沈尘尘正奏请登基大典一事,因着临安街的命案,他几次被叫去大理寺问话,一些大臣看沈尘尘的眼色都变了。
他本应待在大理寺的,禾苑让其破例照常上朝,又新派御史台两位监察御史同去大理寺处理。
禾苑半睁着眼,望见徐章甫欲言又止的模样,“徐尚书可是有什么顾虑?”
闻言,沈尘尘也侧脸看了过去,徐章甫几步上前拱手道:“回殿下,年关将近,各州都在筹备上贡一事,此次大典或许可以更为隆重一些,一是为了彰显新皇威名,告知天下众人,二来可以借上贡一事,了解一番各州的状况。
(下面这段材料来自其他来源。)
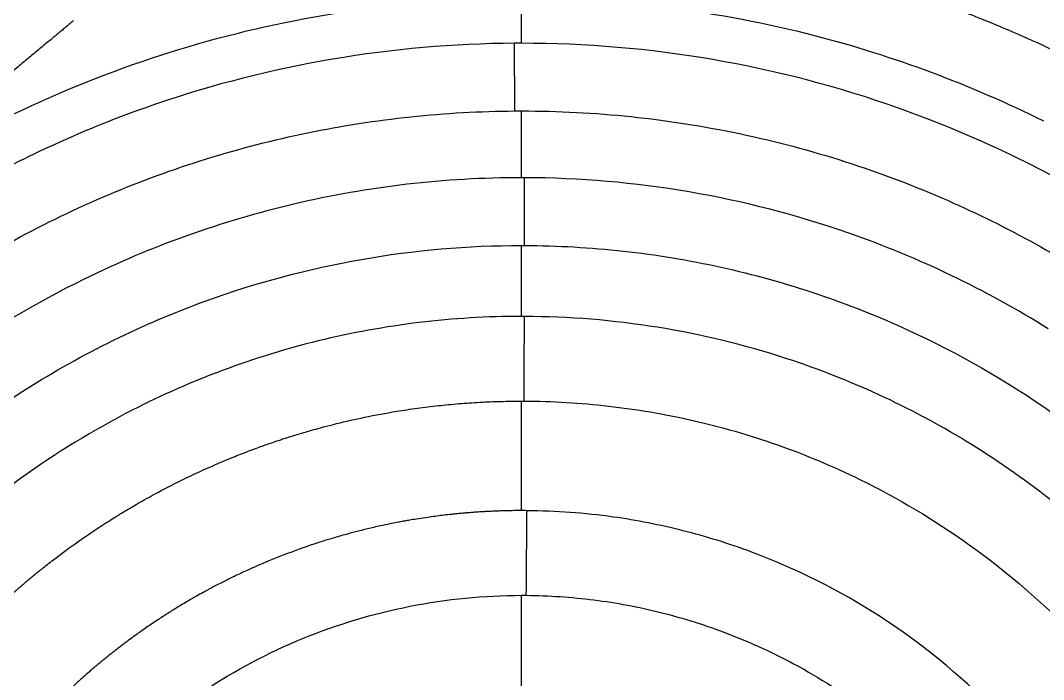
# Model space of a CAD drawing. Extents: x -50 to 28, y -10 to 124.
# Drawn here: x -16.81 to -5.93, y 46.26 to 53.27 of the extents above; entities that cross this region are included whole.
import ezdxf

# ---------------------------------------------------------------- set-up
doc = ezdxf.new("R2010")
doc.units = 0
doc.header["$MEASUREMENT"] = 0
doc.layers.add('GEOMETRY', color=2, linetype='Continuous', lineweight=25)

# ---------------------------------------------------------------- blocks, each defined once
blk = doc.blocks.new('2026 EXCURSION-ENTICE')
at = {"layer": 'GEOMETRY'}
for points, knots in [([(36.643, -38.985), (36.643, -38.954), (36.643, -38.921), (36.643, -38.852), (36.643, -38.816), (36.643, -38.704), (36.643, -38.626), (36.643, -38.472), (36.643, -38.396), (36.643, -38.292), (36.643, -38.259), (36.643, -38.196), (36.643, -38.166), (36.643, -38.111), (36.643, -38.085), (36.643, -38.037), (36.643, -38.014), (36.643, -37.969), (36.643, -37.946), (36.643, -37.902), (36.643, -37.879), (36.643, -37.767), (36.643, -37.678), (36.643, -37.23), (36.643, -36.871), (36.642, -36.148), (36.642, -35.785), (36.641, -35.053), (36.64, -34.685), (36.636, -33.578), (36.633, -32.836), (36.626, -31.733), (36.623, -31.367), (36.617, -30.639), (36.614, -30.277), (36.607, -29.558), (36.604, -29.2), (36.595, -28.484), (36.591, -28.127), (36.577, -27.054), (36.566, -26.339), (36.528, -24.198), (36.497, -22.774), (36.438, -20.634), (36.416, -19.92), (36.38, -18.848), (36.367, -18.49), (36.341, -17.775), (36.327, -17.417), (36.297, -16.702), (36.282, -16.344), (36.249, -15.628), (36.232, -15.269), (36.196, -14.553), (36.177, -14.195), (36.137, -13.479), (36.116, -13.121), (36.049, -12.049), (35.999, -11.335), (35.881, -9.907), (35.813, -9.194), (35.723, -8.393), (35.713, -8.304), (35.697, -8.17), (35.692, -8.126), (35.682, -8.037), (35.677, -7.992), (35.665, -7.903), (35.659, -7.858), (35.645, -7.768), (35.637, -7.724), (35.621, -7.636), (35.613, -7.592), (35.595, -7.504), (35.585, -7.459), (35.492, -7.062), (35.374, -6.717), (35.071, -6.059), (34.886, -5.746), (34.456, -5.162), (34.212, -4.892), (33.673, -4.406), (33.379, -4.191), (32.753, -3.824), (32.422, -3.672), (31.907, -3.497), (31.732, -3.448), (31.467, -3.387), (31.379, -3.369), (31.245, -3.345), (31.2, -3.337), (31.11, -3.324), (31.065, -3.318), (30.998, -3.309), (30.976, -3.306), (30.931, -3.301), (30.909, -3.299), (30.864, -3.293), (30.842, -3.291), (30.796, -3.285), (30.773, -3.283), (30.702, -3.274), (30.653, -3.269), (30.554, -3.258), (30.505, -3.252), (30.435, -3.244), (30.411, -3.242), (30.366, -3.237), (30.344, -3.234), (30.277, -3.227), (30.232, -3.222), (30.099, -3.208), (30.01, -3.198), (29.208, -3.116), (28.494, -3.054), (27.066, -2.944), (26.352, -2.898), (25.459, -2.845), (25.28, -2.835), (24.922, -2.815), (24.744, -2.806), (24.208, -2.777), (23.852, -2.76), (23.144, -2.726), (22.791, -2.71), (22.088, -2.679), (21.737, -2.665), (21.036, -2.637), (20.684, -2.624), (19.979, -2.599), (19.625, -2.587), (18.914, -2.564), (18.557, -2.554), (17.841, -2.533), (17.484, -2.523), (16.41, -2.495), (15.694, -2.478), (14.261, -2.448), (13.544, -2.435), (12.109, -2.411), (11.392, -2.401), (9.959, -2.383), (9.243, -2.375), (8.169, -2.366), (7.811, -2.363), (7.274, -2.359), (7.095, -2.358), (6.734, -2.356), (6.552, -2.355), (6.182, -2.353), (5.995, -2.352), (5.617, -2.35), (5.425, -2.349), (4.845, -2.347), (4.451, -2.346), (3.863, -2.344), (3.668, -2.344), (3.279, -2.343), (3.087, -2.343), (2.706, -2.342), (2.518, -2.342), (2.146, -2.341), (1.963, -2.341), (1.6, -2.34), (1.42, -2.34), (1.062, -2.34), (0.884, -2.34), (0.347, -2.34), (-0.011, -2.34), (-1.085, -2.34), (-1.8, -2.34), (-3.232, -2.343), (-3.947, -2.344), (-5.379, -2.349), (-6.094, -2.352), (-7.526, -2.361), (-8.241, -2.366), (-9.674, -2.38), (-10.391, -2.388), (-11.827, -2.407), (-12.546, -2.418), (-13.983, -2.443), (-14.701, -2.457), (-16.136, -2.488), (-16.853, -2.506), (-17.747, -2.53), (-17.926, -2.535), (-18.284, -2.546), (-18.463, -2.551), (-18.999, -2.567), (-19.355, -2.578), (-20.064, -2.602), (-20.415, -2.615), (-21.116, -2.641), (-21.464, -2.654), (-22.161, -2.683), (-22.51, -2.697), (-23.209, -2.729), (-23.561, -2.745), (-24.268, -2.78), (-24.623, -2.799), (-25.159, -2.828), (-25.338, -2.838), (-25.695, -2.859), (-25.874, -2.87), (-26.41, -2.903), (-26.768, -2.926), (-27.483, -2.976), (-27.841, -3.003), (-28.557, -3.061), (-28.914, -3.092), (-29.45, -3.142), (-29.628, -3.16), (-29.895, -3.187), (-29.984, -3.196), (-30.118, -3.21), (-30.163, -3.215), (-30.229, -3.222), (-30.252, -3.224), (-30.297, -3.229), (-30.321, -3.232), (-30.391, -3.239), (-30.44, -3.245), (-30.54, -3.256), (-30.59, -3.262), (-30.688, -3.273), (-30.735, -3.278), (-30.827, -3.289), (-30.871, -3.294), (-30.938, -3.302), (-30.96, -3.305), (-31.005, -3.31), (-31.027, -3.313), (-31.095, -3.322), (-31.14, -3.328), (-31.274, -3.349), (-31.363, -3.366), (-31.807, -3.459), (-32.154, -3.569), (-32.819, -3.858), (-33.137, -4.036), (-33.731, -4.452), (-34.006, -4.691), (-34.503, -5.218), (-34.725, -5.507), (-35.106, -6.124), (-35.265, -6.452), (-35.451, -6.963), (-35.505, -7.136), (-35.572, -7.401), (-35.592, -7.49), (-35.619, -7.624), (-35.627, -7.668), (-35.639, -7.735), (-35.643, -7.758), (-35.65, -7.802), (-35.654, -7.825), (-35.66, -7.869), (-35.663, -7.89), (-35.669, -7.933), (-35.672, -7.955), (-35.677, -8), (-35.68, -8.022), (-35.685, -8.067), (-35.688, -8.089), (-35.701, -8.2), (-35.711, -8.289), (-35.742, -8.556), (-35.761, -8.734), (-35.855, -9.624), (-35.919, -10.338), (-36.03, -11.766), (-36.078, -12.481), (-36.163, -13.91), (-36.201, -14.625), (-36.27, -16.055), (-36.301, -16.77), (-36.358, -18.201), (-36.383, -18.916), (-36.43, -20.345), (-36.45, -21.059), (-36.488, -22.485), (-36.505, -23.197), (-36.535, -24.622), (-36.549, -25.335), (-36.572, -26.763), (-36.583, -27.478), (-36.594, -28.372), (-36.596, -28.551), (-36.6, -28.909), (-36.602, -29.088), (-36.608, -29.625), (-36.612, -29.985), (-36.618, -30.708), (-36.621, -31.072), (-36.626, -31.804), (-36.629, -32.173), (-36.635, -33.282), (-36.638, -34.026), (-36.641, -35.133), (-36.642, -35.5), (-36.643, -36.23), (-36.643, -36.592), (-36.643, -37.313), (-36.643, -37.671), (-36.643, -38.074), (-36.643, -38.119), (-36.643, -38.208), (-36.643, -38.252), (-36.643, -38.338), (-36.643, -38.381), (-36.643, -38.463), (-36.643, -38.502), (-36.643, -38.619), (-36.643, -38.692), (-36.643, -38.837), (-36.643, -38.909), (-36.643, -38.985)], [0, 0, 0, 0, 0.000488, 0.000488, 0.000977, 0.000977, 0.001953, 0.001953, 0.00293, 0.00293, 0.003418, 0.003418, 0.003906, 0.003906, 0.004395, 0.004395, 0.004883, 0.004883, 0.005371, 0.005371, 0.005859, 0.005859, 0.007813, 0.007813, 0.015625, 0.015625, 0.023438, 0.023438, 0.03125, 0.03125, 0.046875, 0.046875, 0.054688, 0.054688, 0.0625, 0.0625, 0.070313, 0.070313, 0.078125, 0.078125, 0.09375, 0.09375, 0.125, 0.125, 0.140625, 0.140625, 0.148438, 0.148438, 0.15625, 0.15625, 0.164063, 0.164063, 0.171875, 0.171875, 0.179688, 0.179688, 0.1875, 0.1875, 0.203125, 0.203125, 0.21875, 0.21875, 0.220703, 0.220703, 0.22168, 0.22168, 0.222656, 0.222656, 0.223633, 0.223633, 0.224609, 0.224609, 0.225586, 0.225586, 0.226563, 0.226563, 0.234375, 0.234375, 0.242188, 0.242188, 0.25, 0.25, 0.257813, 0.257813, 0.265625, 0.265625, 0.269531, 0.269531, 0.271484, 0.271484, 0.272461, 0.272461, 0.273438, 0.273438, 0.273926, 0.273926, 0.274414, 0.274414, 0.274902, 0.274902, 0.275391, 0.275391, 0.276367, 0.276367, 0.277344, 0.277344, 0.277832, 0.277832, 0.27832, 0.27832, 0.279297, 0.279297, 0.28125, 0.28125, 0.296875, 0.296875, 0.3125, 0.3125, 0.316406, 0.316406, 0.320313, 0.320313, 0.328125, 0.328125, 0.335938, 0.335938, 0.34375, 0.34375, 0.351563, 0.351563, 0.359375, 0.359375, 0.367188, 0.367188, 0.375, 0.375, 0.390625, 0.390625, 0.40625, 0.40625, 0.421875, 0.421875, 0.4375, 0.4375, 0.445313, 0.445313, 0.449219, 0.449219, 0.453125, 0.453125, 0.457031, 0.457031, 0.460938, 0.460938, 0.46875, 0.46875, 0.472656, 0.472656, 0.476563, 0.476563, 0.480469, 0.480469, 0.484375, 0.484375, 0.488281, 0.488281, 0.492188, 0.492188, 0.5, 0.5, 0.515625, 0.515625, 0.53125, 0.53125, 0.546875, 0.546875, 0.5625, 0.5625, 0.578125, 0.578125, 0.59375, 0.59375, 0.609375, 0.609375, 0.625, 0.625, 0.628906, 0.628906, 0.632813, 0.632813, 0.640625, 0.640625, 0.648438, 0.648438, 0.65625, 0.65625, 0.664063, 0.664063, 0.671875, 0.671875, 0.679688, 0.679688, 0.683594, 0.683594, 0.6875, 0.6875, 0.695313, 0.695313, 0.703125, 0.703125, 0.710938, 0.710938, 0.714844, 0.714844, 0.716797, 0.716797, 0.717773, 0.717773, 0.718262, 0.718262, 0.71875, 0.71875, 0.719727, 0.719727, 0.720703, 0.720703, 0.72168, 0.72168, 0.722656, 0.722656, 0.723145, 0.723145, 0.723633, 0.723633, 0.724609, 0.724609, 0.726563, 0.726563, 0.734375, 0.734375, 0.742188, 0.742188, 0.75, 0.75, 0.757813, 0.757813, 0.765625, 0.765625, 0.769531, 0.769531, 0.771484, 0.771484, 0.772461, 0.772461, 0.772949, 0.772949, 0.773438, 0.773438, 0.773926, 0.773926, 0.774414, 0.774414, 0.774902, 0.774902, 0.775391, 0.775391, 0.777344, 0.777344, 0.78125, 0.78125, 0.796875, 0.796875, 0.8125, 0.8125, 0.828125, 0.828125, 0.84375, 0.84375, 0.859375, 0.859375, 0.875, 0.875, 0.890625, 0.890625, 0.90625, 0.90625, 0.921875, 0.921875, 0.925781, 0.925781, 0.929688, 0.929688, 0.9375, 0.9375, 0.945313, 0.945313, 0.953125, 0.953125, 0.96875, 0.96875, 0.976563, 0.976563, 0.984375, 0.984375, 0.992188, 0.992188, 0.993164, 0.993164, 0.994141, 0.994141, 0.995117, 0.995117, 0.996094, 0.996094, 0.998047, 0.998047, 1, 1, 1, 1]), ([(4.334, -24.856), (4.833, -25.022), (5.322, -25.217), (6.274, -25.66), (6.738, -25.909), (7.633, -26.459), (8.065, -26.76), (8.892, -27.409), (9.286, -27.757), (9.66, -28.127)], [0, 0, 0, 0, 0.25, 0.25, 0.5, 0.5, 0.75, 0.75, 1, 1, 1, 1]), ([(9.29, -28.531), (9.275, -28.516), (9.235, -28.476), (9.16, -28.403), (9.055, -28.302), (8.917, -28.174), (8.747, -28.02), (8.558, -27.855), (8.359, -27.689), (8.165, -27.533), (7.972, -27.384), (7.712, -27.19), (7.381, -26.958), (7.03, -26.729), (6.593, -26.464), (6.151, -26.219), (5.646, -25.969), (5.243, -25.786), (4.891, -25.641), (4.625, -25.538), (4.462, -25.479), (4.29, -25.418), (4.079, -25.347), (3.802, -25.26), (3.549, -25.187), (3.32, -25.126), (3.116, -25.074), (2.937, -25.032), (2.784, -24.998), (2.657, -24.972), (2.58, -24.956), (2.546, -24.95)], [0, 0, 0, 0, 0.008165, 0.021689, 0.040572, 0.064813, 0.094412, 0.129369, 0.162196, 0.194394, 0.225965, 0.256907, 0.319754, 0.382601, 0.419112, 0.51751, 0.578251, 0.637499, 0.68885, 0.725674, 0.747971, 0.755739, 0.796629, 0.834081, 0.868096, 0.898674, 0.925814, 0.949517, 0.969782, 0.98661, 1, 1, 1, 1]), ([(-6.417, -27.201), (-5.935, -26.912), (-5.434, -26.655), (-4.402, -26.212), (-3.871, -26.025), (-2.788, -25.725), (-2.237, -25.611), (-1.124, -25.46), (-0.562, -25.422), (-0.001, -25.422)], [0, 0, 0, 0, 0.25, 0.25, 0.5, 0.5, 0.75, 0.75, 1, 1, 1, 1]), ([(-0.001, -25.422), (0.524, -25.422), (1.049, -25.455), (2.09, -25.587), (2.607, -25.686), (3.115, -25.817)], [0, 0, 0, 0, 0.5, 0.5, 1, 1, 1, 1]), ([(-4.762, -25.657), (-4.773, -25.667), (-4.795, -25.686), (-4.828, -25.714), (-4.863, -25.744), (-4.9, -25.775), (-4.939, -25.807), (-4.999, -25.858), (-5.085, -25.928), (-5.191, -26.016), (-5.301, -26.108), (-5.403, -26.194), (-5.513, -26.287), (-5.655, -26.411), (-5.804, -26.544), (-5.941, -26.673), (-6.045, -26.775), (-6.142, -26.874), (-6.224, -26.962), (-6.284, -27.031), (-6.323, -27.078), (-6.354, -27.115), (-6.376, -27.145), (-6.397, -27.173), (-6.41, -27.192), (-6.417, -27.201)], [0, 0, 0, 0, 0.018607, 0.038084, 0.058432, 0.079649, 0.101734, 0.124685, 0.183382, 0.248911, 0.307015, 0.37313, 0.425637, 0.497546, 0.622224, 0.689577, 0.747232, 0.814743, 0.872818, 0.90597, 0.936084, 0.953506, 0.969961, 0.985457, 1, 1, 1, 1]), ([(3.115, -25.817), (3.535, -25.926), (3.949, -26.056), (4.762, -26.36), (5.161, -26.532), (5.549, -26.726)], [0, 0, 0, 0, 0.5, 0.5, 1, 1, 1, 1]), ([(-0.075, -25.9), (-0.723, -25.904), (-1.37, -25.961), (-2.648, -26.178), (-3.278, -26.338), (-4.503, -26.759), (-5.099, -27.019), (-6.241, -27.632), (-6.787, -27.985), (-7.301, -28.38)], [0, 0, 0, 0, 0.25, 0.25, 0.5, 0.5, 0.75, 0.75, 1, 1, 1, 1]), ([(-0.071, -26.62), (-0.071, -26.56), (-0.071, -26.501), (-0.072, -26.381), (-0.072, -26.321), (-0.073, -26.2), (-0.073, -26.14), (-0.074, -26.02), (-0.074, -25.96), (-0.075, -25.9)], [0, 0, 0, 0, 0.25, 0.25, 0.5, 0.5, 0.75, 0.75, 1, 1, 1, 1]), ([(4.008, -26.59), (3.366, -26.362), (2.705, -26.189), (1.362, -25.958), (0.681, -25.9), (0, -25.9)], [0, 0, 0, 0, 0.5, 0.5, 1, 1, 1, 1]), ([(-8.037, -29.992), (-7.778, -29.728), (-7.506, -29.477), (-6.938, -29.003), (-6.642, -28.779), (-6.031, -28.363), (-5.714, -28.17), (-5.065, -27.816), (-4.731, -27.655), (-4.05, -27.367), (-3.702, -27.239), (-2.995, -27.02), (-2.637, -26.927), (-1.912, -26.778), (-1.546, -26.721), (-0.81, -26.643), (-0.441, -26.623), (-0.071, -26.62)], [0, 0, 0, 0, 0.125, 0.125, 0.25, 0.25, 0.375, 0.375, 0.5, 0.5, 0.625, 0.625, 0.75, 0.75, 0.875, 0.875, 1, 1, 1, 1]), ([(0, -26.62), (0.389, -26.62), (0.778, -26.64), (1.552, -26.721), (1.937, -26.781), (2.698, -26.941), (3.074, -27.041), (3.815, -27.279), (4.179, -27.417), (4.535, -27.574)], [0, 0, 0, 0, 0.25, 0.25, 0.5, 0.5, 0.75, 0.75, 1, 1, 1, 1]), ([(6.346, -27.717), (5.978, -27.488), (5.598, -27.278), (4.817, -26.902), (4.416, -26.735), (4.008, -26.59)], [0, 0, 0, 0, 0.5, 0.5, 1, 1, 1, 1]), ([(0, -27.33), (-0.407, -27.33), (-0.814, -27.353), (-1.622, -27.447), (-2.023, -27.518), (-2.419, -27.611)], [0, 0, 0, 0, 0.5, 0.5, 1, 1, 1, 1]), ([(0.031, -28.051), (0.031, -27.991), (0.031, -27.931), (0.031, -27.811), (0.032, -27.751), (0.032, -27.631), (0.032, -27.57), (0.032, -27.45), (0.033, -27.39), (0.033, -27.33)], [0, 0, 0, 0, 0.25, 0.25, 0.5, 0.5, 0.75, 0.75, 1, 1, 1, 1]), ([(3.48, -27.92), (2.927, -27.727), (2.358, -27.58), (1.204, -27.382), (0.618, -27.332), (0.033, -27.33)], [0, 0, 0, 0, 0.5, 0.5, 1, 1, 1, 1]), ([(-2.419, -27.611), (-2.804, -27.701), (-3.184, -27.814), (-3.929, -28.08), (-4.294, -28.235), (-4.649, -28.409)], [0, 0, 0, 0, 0.5, 0.5, 1, 1, 1, 1]), ([(4.535, -27.574), (5.167, -27.852), (5.774, -28.188), (6.915, -28.965), (7.449, -29.407), (7.939, -29.893)], [0, 0, 0, 0, 0.5, 0.5, 1, 1, 1, 1]), ([(5.599, -28.937), (5.266, -28.729), (4.922, -28.539), (4.214, -28.2), (3.85, -28.049), (3.48, -27.92)], [0, 0, 0, 0, 0.5, 0.5, 1, 1, 1, 1]), ([(-3.352, -28.639), (-2.816, -28.445), (-2.263, -28.297), (-1.14, -28.1), (-0.57, -28.05), (0, -28.051)], [0, 0, 0, 0, 0.5, 0.5, 1, 1, 1, 1]), ([(0.031, -28.051), (0.382, -28.052), (0.733, -28.072), (1.432, -28.149), (1.779, -28.206), (2.466, -28.358), (2.805, -28.452), (3.471, -28.677), (3.798, -28.807), (4.117, -28.954)], [0, 0, 0, 0, 0.25, 0.25, 0.5, 0.5, 0.75, 0.75, 1, 1, 1, 1]), ([(-4.649, -28.409), (-5.167, -28.663), (-5.664, -28.959), (-6.602, -29.63), (-7.044, -30.003), (-7.453, -30.41)], [0, 0, 0, 0, 0.5, 0.5, 1, 1, 1, 1]), ([(-6.944, -30.921), (-6.691, -30.668), (-6.424, -30.43), (-5.866, -29.983), (-5.574, -29.775), (-4.971, -29.392), (-4.659, -29.217), (-4.017, -28.901), (-3.688, -28.761), (-3.352, -28.639)], [0, 0, 0, 0, 0.25, 0.25, 0.5, 0.5, 0.75, 0.75, 1, 1, 1, 1]), ([(0, -28.805), (-0.363, -28.805), (-0.727, -28.827), (-1.448, -28.914), (-1.807, -28.98), (-2.16, -29.066)], [0, 0, 0, 0, 0.5, 0.5, 1, 1, 1, 1]), ([(0.028, -29.706), (0.028, -29.669), (0.028, -29.631), (0.029, -29.556), (0.029, -29.519), (0.029, -29.444), (0.029, -29.407), (0.03, -29.332), (0.03, -29.294), (0.03, -29.219), (0.03, -29.182), (0.03, -29.107), (0.031, -29.069), (0.031, -28.994), (0.031, -28.956), (0.031, -28.881), (0.031, -28.843), (0.031, -28.806)], [0, 0, 0, 0, 0.125, 0.125, 0.25, 0.25, 0.375, 0.375, 0.5, 0.5, 0.625, 0.625, 0.75, 0.75, 0.875, 0.875, 1, 1, 1, 1]), ([(2.821, -29.255), (2.372, -29.108), (1.911, -28.996), (0.977, -28.846), (0.504, -28.807), (0.031, -28.806)], [0, 0, 0, 0, 0.5, 0.5, 1, 1, 1, 1]), ([(4.117, -28.954), (4.65, -29.199), (5.161, -29.493), (6.122, -30.166), (6.572, -30.545), (6.985, -30.962)], [0, 0, 0, 0, 0.5, 0.5, 1, 1, 1, 1]), ([(-2.16, -29.066), (-2.502, -29.15), (-2.84, -29.254), (-3.501, -29.5), (-3.824, -29.642), (-4.138, -29.803)], [0, 0, 0, 0, 0.5, 0.5, 1, 1, 1, 1]), ([(4.725, -30.132), (4.426, -29.95), (4.117, -29.785), (3.481, -29.492), (3.154, -29.364), (2.821, -29.255)], [0, 0, 0, 0, 0.5, 0.5, 1, 1, 1, 1]), ([(-2.581, -30.124), (-2.566, -30.119), (-2.534, -30.108), (-2.481, -30.091), (-2.42, -30.072), (-2.351, -30.051), (-2.241, -30.019), (-2.112, -29.983), (-1.909, -29.931), (-1.655, -29.873), (-1.405, -29.827), (-1.217, -29.797), (-1.107, -29.781), (-0.997, -29.767), (-0.887, -29.754), (-0.776, -29.743), (-0.666, -29.733), (-0.555, -29.725), (-0.444, -29.718), (-0.333, -29.713), (-0.222, -29.709), (-0.111, -29.707), (-0.037, -29.706), (0, -29.706)], [0, 0, 0, 0, 0.018003, 0.039146, 0.06343, 0.090853, 0.121417, 0.194888, 0.244033, 0.359986, 0.492495, 0.534787, 0.577079, 0.619371, 0.661663, 0.703955, 0.746247, 0.788539, 0.830831, 0.873123, 0.915416, 0.957708, 1, 1, 1, 1]), ([(0.028, -29.706), (0.328, -29.707), (0.627, -29.725), (1.223, -29.793), (1.519, -29.843), (1.811, -29.909)], [0, 0, 0, 0, 0.5, 0.5, 1, 1, 1, 1]), ([(-4.138, -29.803), (-4.551, -30.015), (-4.949, -30.258), (-5.702, -30.804), (-6.057, -31.105), (-6.387, -31.432)], [0, 0, 0, 0, 0.5, 0.5, 1, 1, 1, 1]), ([(1.811, -29.909), (2.119, -29.979), (2.423, -30.067), (3.02, -30.277), (3.312, -30.4), (3.595, -30.539)], [0, 0, 0, 0, 0.5, 0.5, 1, 1, 1, 1]), ([(-4.318, -30.939), (-4.305, -30.931), (-4.275, -30.912), (-4.225, -30.882), (-4.164, -30.845), (-4.091, -30.803), (-4.007, -30.755), (-3.872, -30.68), (-3.699, -30.589), (-3.49, -30.487), (-3.276, -30.39), (-3.075, -30.305), (-2.897, -30.236), (-2.767, -30.188), (-2.665, -30.152), (-2.606, -30.132), (-2.581, -30.124)], [0, 0, 0, 0, 0.023879, 0.054373, 0.091479, 0.1352, 0.185533, 0.242481, 0.376646, 0.490167, 0.605611, 0.742762, 0.83093, 0.903193, 0.95955, 1, 1, 1, 1]), ([(6.431, -31.476), (6.175, -31.219), (5.904, -30.977), (5.333, -30.528), (5.035, -30.321), (4.725, -30.132)], [0, 0, 0, 0, 0.5, 0.5, 1, 1, 1, 1]), ([(3.595, -30.539), (4.002, -30.738), (4.392, -30.971), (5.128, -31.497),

”
各州每年都要上贡各种财宝,而根据上贡物品的价值和数量,大都可看出此年各地的民生状况是好是坏。
高剑信也上前跪地道:“殿下以命护城,虽然城中百姓已是人尽皆知,但臣以为,应当让五州各地尽都知晓此事,以威慑四方。皇上病重,此事恐会让西戎借机大举进犯,咸阳边境已有进犯之意,需得杀杀他们的锐气。”
话毕,众人一同跪请,禾苑点头应了。
“沈尚书,可听明白了?”禾苑淡淡道,看向沈尘尘低垂着的头。